Der UN-Nachhaltigkeitsgipfel in Rio startet am kommenden Mittwoch. Zehntausende Vertreter aus Politik, Wirtschaft und Zivilgesellschaft beraten dabei über drängende Probleme im Bereich Umwelt, Ressourcen und Klima und neue Wege für eine nachhaltige Entwicklung. Für die österreichische Regierung nehmen Umweltminister Nikolaus Berlakovich und Außenamts-Staatssekretär Wolfgang Waldner an dem Gipfel teil.

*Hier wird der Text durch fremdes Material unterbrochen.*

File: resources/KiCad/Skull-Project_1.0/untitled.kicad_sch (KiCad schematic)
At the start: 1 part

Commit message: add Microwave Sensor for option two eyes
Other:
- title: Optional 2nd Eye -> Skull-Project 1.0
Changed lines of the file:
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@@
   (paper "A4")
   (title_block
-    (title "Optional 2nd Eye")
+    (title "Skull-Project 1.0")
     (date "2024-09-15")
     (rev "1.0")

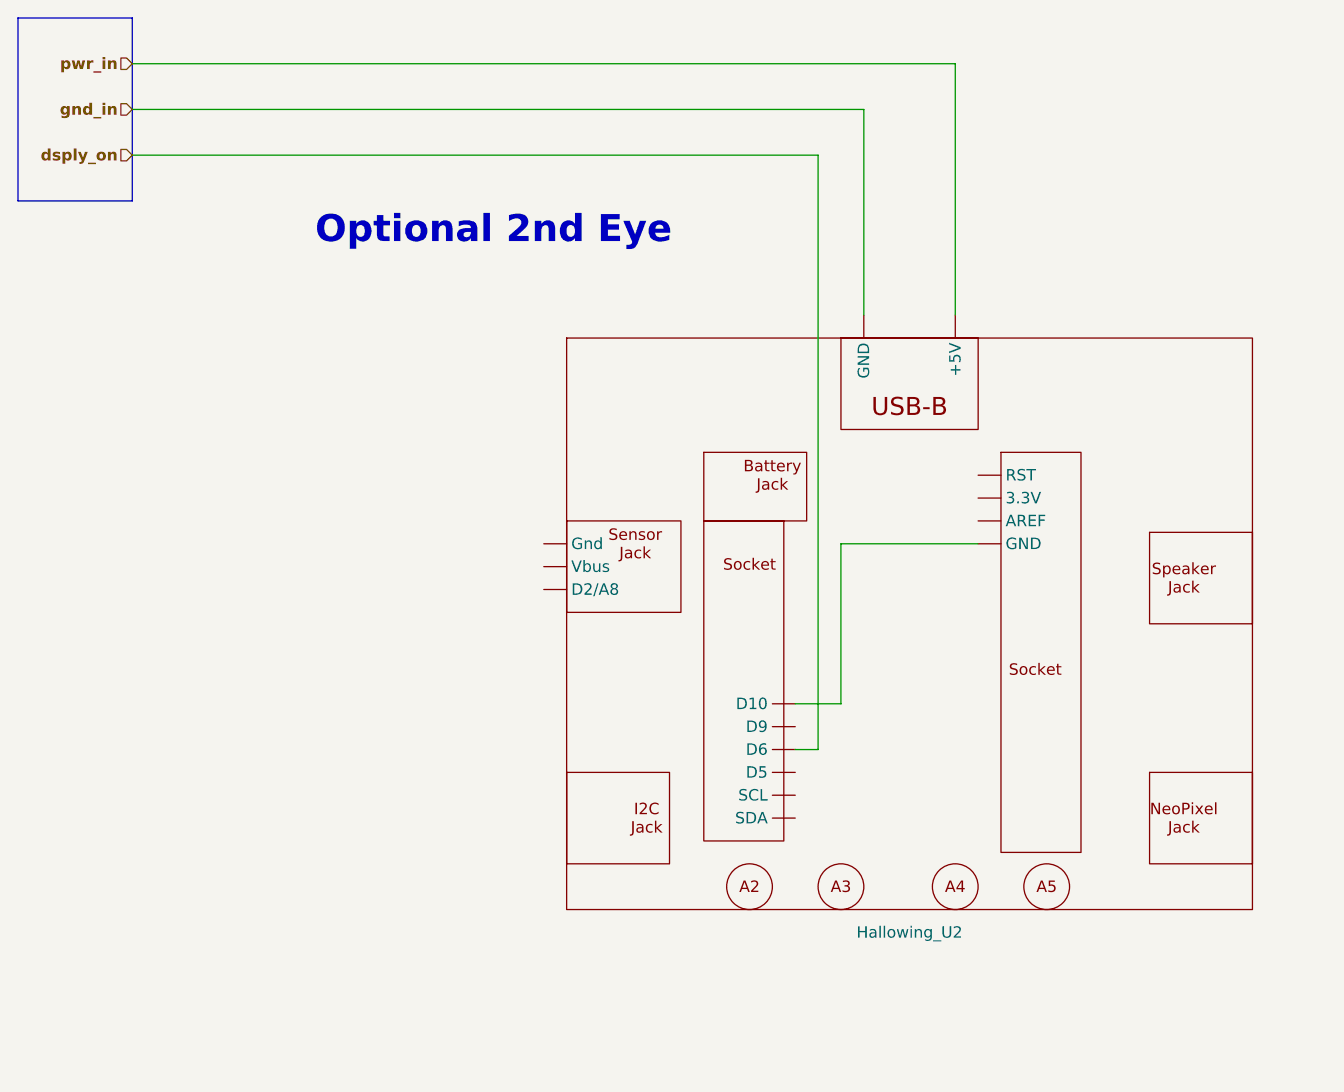
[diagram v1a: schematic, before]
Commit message: clean up schematic
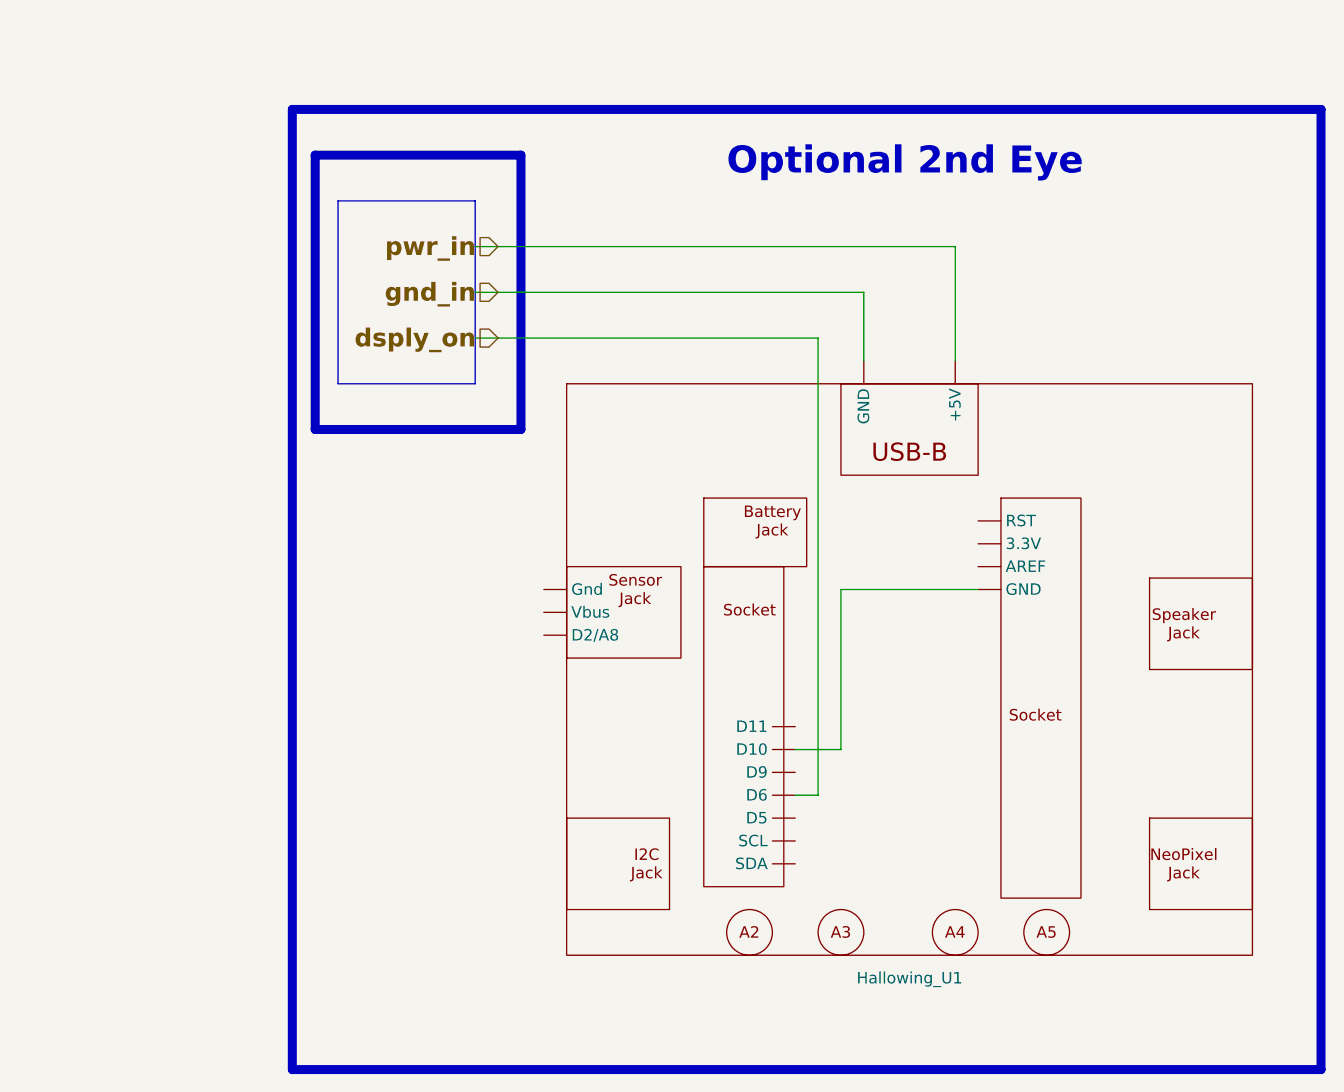
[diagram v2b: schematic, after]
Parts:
- removed Hallowing_U2: ~, symbol mdoLibrary:Hallowing_M4
- added Hallowing_U1: ~, symbol mdoLibrary:Hallowing_M4
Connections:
- net gnd_in: now also Hallowing_U1. (Vbus)
- net pwr_in: now also Hallowing_U1. (Vbus)
- new net dsply_on : Hallowing_U1. (Vbus)
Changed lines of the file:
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@@
     (comment 2 "NOTE: Hallowing as from display side (not connector side)")
   )
-  (wire (pts (xy 152.4 111.76) (xy 147.32 111.76))
+  (wire (pts (xy 152.4 116.84) (xy 147.32 116.84))
     (stroke (width 0) (type default))
   )
-  (wire (pts (xy 167.64 93.98) (xy 152.4 93.98))
+  (wire (pts (xy 165.1 60.96) (xy 165.1 73.66))
     (stroke (width 0) (type default))
   )
-  (wire (pts (xy 73.66 50.8) (xy 149.86 50.8))
+  (wire (pts (xy 167.64 99.06) (xy 152.4 99.06))
     (stroke (width 0) (type default))
   )
-  (wire (pts (xy 73.66 40.64) (xy 165.1 40.64))
+  (wire (pts (xy 149.86 71.12) (xy 149.86 121.92))
     (stroke (width 0) (type default))
   )
-  (wire (pts (xy 73.66 45.72) (xy 154.94 45.72))
+  (wire (pts (xy 111.76 71.12) (xy 149.86 71.12))
     (stroke (width 0) (type default))
   )
-  (wire (pts (xy 152.4 93.98) (xy 152.4 111.76))
+  (wire (pts (xy 152.4 99.06) (xy 152.4 116.84))
     (stroke (width 0) (type default))
   )
-  (wire (pts (xy 165.1 40.64) (xy 165.1 68.58))
+  (wire (pts (xy 111.76 60.96) (xy 165.1 60.96))
     (stroke (width 0) (type default))
   )
-  (wire (pts (xy 154.94 45.72) (xy 154.94 68.58))
+  (wire (pts (xy 154.94 66.04) (xy 154.94 73.66))
     (stroke (width 0) (type default))
   )
-  (wire (pts (xy 149.86 50.8) (xy 149.86 116.84))
+  (wire (pts (xy 111.76 66.04) (xy 154.94 66.04))
     (stroke (width 0) (type default))
   )
-  (wire (pts (xy 147.32 116.84) (xy 149.86 116.84))
+  (wire (pts (xy 147.32 121.92) (xy 149.86 121.92))
     (stroke (width 0) (type default))
   )
-  (rectangle (start 60.96 35.56) (end 73.66 55.88)
+  (rectangle (start 93.98 50.8) (end 116.84 81.28)
+    (stroke (width 1) (type default) (color 255 153 0 1))
+    (fill (type none))
+  )
+  (rectangle (start 96.52 55.88) (end 111.76 76.2)
     (stroke (width 0) (type default))
     (fill (type none))
   )
-  (text "Optional 2nd Eye" (at 93.98 60.96 0)
+  (rectangle (start 91.44 45.72) (end 205.74 152.4)
+    (stroke (width 1) (type default))
+    (fill (type none))
+  )
+  (rectangle (start 101.6 50.8) (end 101.6 50.8)
+    (stroke (width 0) (type default))
+    (fill (type none))
+  )
+  (text "Optional 2nd Eye" (at 139.7 53.34 0)
     (effects (font (size 3 3) (thickness 0.6) bold) (justify left bottom))
   )
-  (hierarchical_label "dsply_on" (shape input) (at 73.66 50.8 180) (fields_autoplaced)
-    (effects (font (size 1.27 1.27) bold) (justify right))
+  (hierarchical_label "dsply_on " (shape input) (at 114.3 71.12 180) (fields_autoplaced)
+    (effects (font (size 2 2) bold) (justify right))
   )
-  (hierarchical_label "gnd_in" (shape input) (at 73.66 45.72 180) (fields_autoplaced)
-    (effects (font (size 1.27 1.27) bold) (justify right))
+  (hierarchical_label "gnd_in" (shape input) (at 114.3 66.04 180) (fields_autoplaced)
+    (effects (font (size 2 2) bold) (justify right))
   )
-  (hierarchical_label "pwr_in" (shape input) (at 73.66 40.64 180) (fields_autoplaced)
-    (effects (font (size 1.27 1.27) bold) (justify right))
+  (hierarchical_label "pwr_in" (shape input) (at 114.3 60.96 180) (fields_autoplaced)
+    (effects (font (size 2 2) bold) (justify right))
   )
-  (symbol (lib_id "mdoLibrary:Hallowing_M4") (at 160.02 71.12 0) (unit 1)
+  (symbol (lib_name "Hallowing_M4_1") (lib_id "mdoLibrary:Hallowing_M4") (at 160.02 76.2 0) (unit 1)
     (in_bom yes) (on_board yes) (dnp no) (fields_autoplaced)
-    (property "Reference" "Hallowing_U2" (at 160.02 137.16 0)
+    (property "Reference" "Hallowing_U1" (at 160.02 142.24 0)
       (effects (font (size 1.27 1.27)))
     )
-    (property "Value" "~" (at 160.02 71.12 0)
+    (property "Value" "~" (at 160.02 76.2 0)
       (effects (font (size 1.27 1.27)))
     )
-    (property "Footprint" "" (at 160.02 71.12 0)
+    (property "Footprint" "" (at 160.02 76.2 0)
       (effects (font (size 1.27 1.27)) hide)
     )
-    (property "Datasheet" "" (at 160.02 71.12 0)
+    (property "Datasheet" "" (at 160.02 76.2 0)
       (effects (font (size 1.27 1.27)) hide)
     )
+    (pin "")
     (pin "")
     (pin "")
@@
       (project "Skull-Project_1.0"
         (path "/13d7b3b4-5d80-4b2f-98bb-c8334b3eaf59/dd2fe223-2832-49f4-937d-cadfea313ce4"
-          (reference "Hallowing_U2") (unit 1)
+          (reference "Hallowing_U1") (unit 1)
         )
       )

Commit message: microwave sensor now uses NANO for edge detect
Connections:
- net gnd_in is gone; now on net pwr_in : Hallowing_U1. (Vbus)
- net pwr_in is gone; now on net pwr_in : Hallowing_U1. (Vbus)
- net pwr_in : now reaches Hallowing_U1. (Vbus)
- new net gnd_in : Hallowing_U1. (Vbus)
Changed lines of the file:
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@@
     (effects (font (size 2 2) bold) (justify right))
   )
-  (hierarchical_label "gnd_in" (shape input) (at 114.3 66.04 180) (fields_autoplaced)
+  (hierarchical_label "gnd_in " (shape input) (at 114.3 66.04 180) (fields_autoplaced)
     (effects (font (size 2 2) bold) (justify right))
   )
-  (hierarchical_label "pwr_in" (shape input) (at 114.3 60.96 180) (fields_autoplaced)
+  (hierarchical_label "pwr_in " (shape input) (at 114.3 60.96 180) (fields_autoplaced)
     (effects (font (size 2 2) bold) (justify right))
   )

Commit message: add wire colors to schematic
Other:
- note added: "Black"
- note added: "Red"
- note added: "White"
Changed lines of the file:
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@@
   (title_block
     (title "Skull-Project 1.0")
-    (date "2024-09-19")
+    (date "2024-09-20")
     (rev "1.0")
     (company "github.com/Mark-MDO47/Skull-Project")
@@
     (fill (type none))
   )
+  (text "Black" (at 160.02 99.06 0)
+    (effects (font (size 1.27 1.27) bold) (justify left bottom))
+  )
+  (text "White" (at 119.38 71.12 0)
+    (effects (font (size 1.27 1.27) bold) (justify left bottom))
+  )
+  (text "Black" (at 119.38 66.04 0)
+    (effects (font (size 1.27 1.27) bold) (justify left bottom))
+  )
+  (text "Red" (at 119.38 60.96 0)
+    (effects (font (size 1.27 1.27) bold) (justify left bottom))
+  )
   (text "Optional 2nd Eye" (at 139.7 53.34 0)
     (effects (font (size 3 3) (thickness 0.6) bold) (justify left bottom))
   )
+  (text "Red" (at 149.86 60.96 0)
+    (effects (font (size 1.27 1.27) bold) (justify left bottom))
+  )
+  (text "White" (at 149.86 93.98 0)
+    (effects (font (size 1.27 1.27) bold) (justify left bottom))
+  )
+  (text "Black" (at 149.86 66.04 0)
+    (effects (font (size 1.27 1.27) bold) (justify left bottom))
+  )
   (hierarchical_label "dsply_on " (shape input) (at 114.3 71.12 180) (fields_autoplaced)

Die Staatengemeinschaft will sich beim Gipfel auch auf einen Fahrplan für die Zeit ab 2015 verständigen. Dann laufen die acht UN-Millenniumsziele aus dem Jahr 2000 aus, die unter anderem vorsahen, bis 2015 die Zahl der Hungernden weltweit zu halbieren.
Für die Zeit nach dem Ablauf der "Millennium-Entwicklungsziele" müsse sich die internationale Staatengemeinschaft auf Nachfolgeziele verständigen, die den Kampf gegen den Hunger in den Mittelpunkt stellen, betonte Caritas-Präsident Küberl. Weltweit leiden seinen Angaben zufolge nach wie vor 925 Millionen Menschen an Hunger. 7.000 Kinder sterben täglich an den Folgen von Hunger und Unterernährung. Eine Zukunft ohne Hunger müsse daher "oberste Priorität der politischen Entscheidungsträger werden", so Küberl.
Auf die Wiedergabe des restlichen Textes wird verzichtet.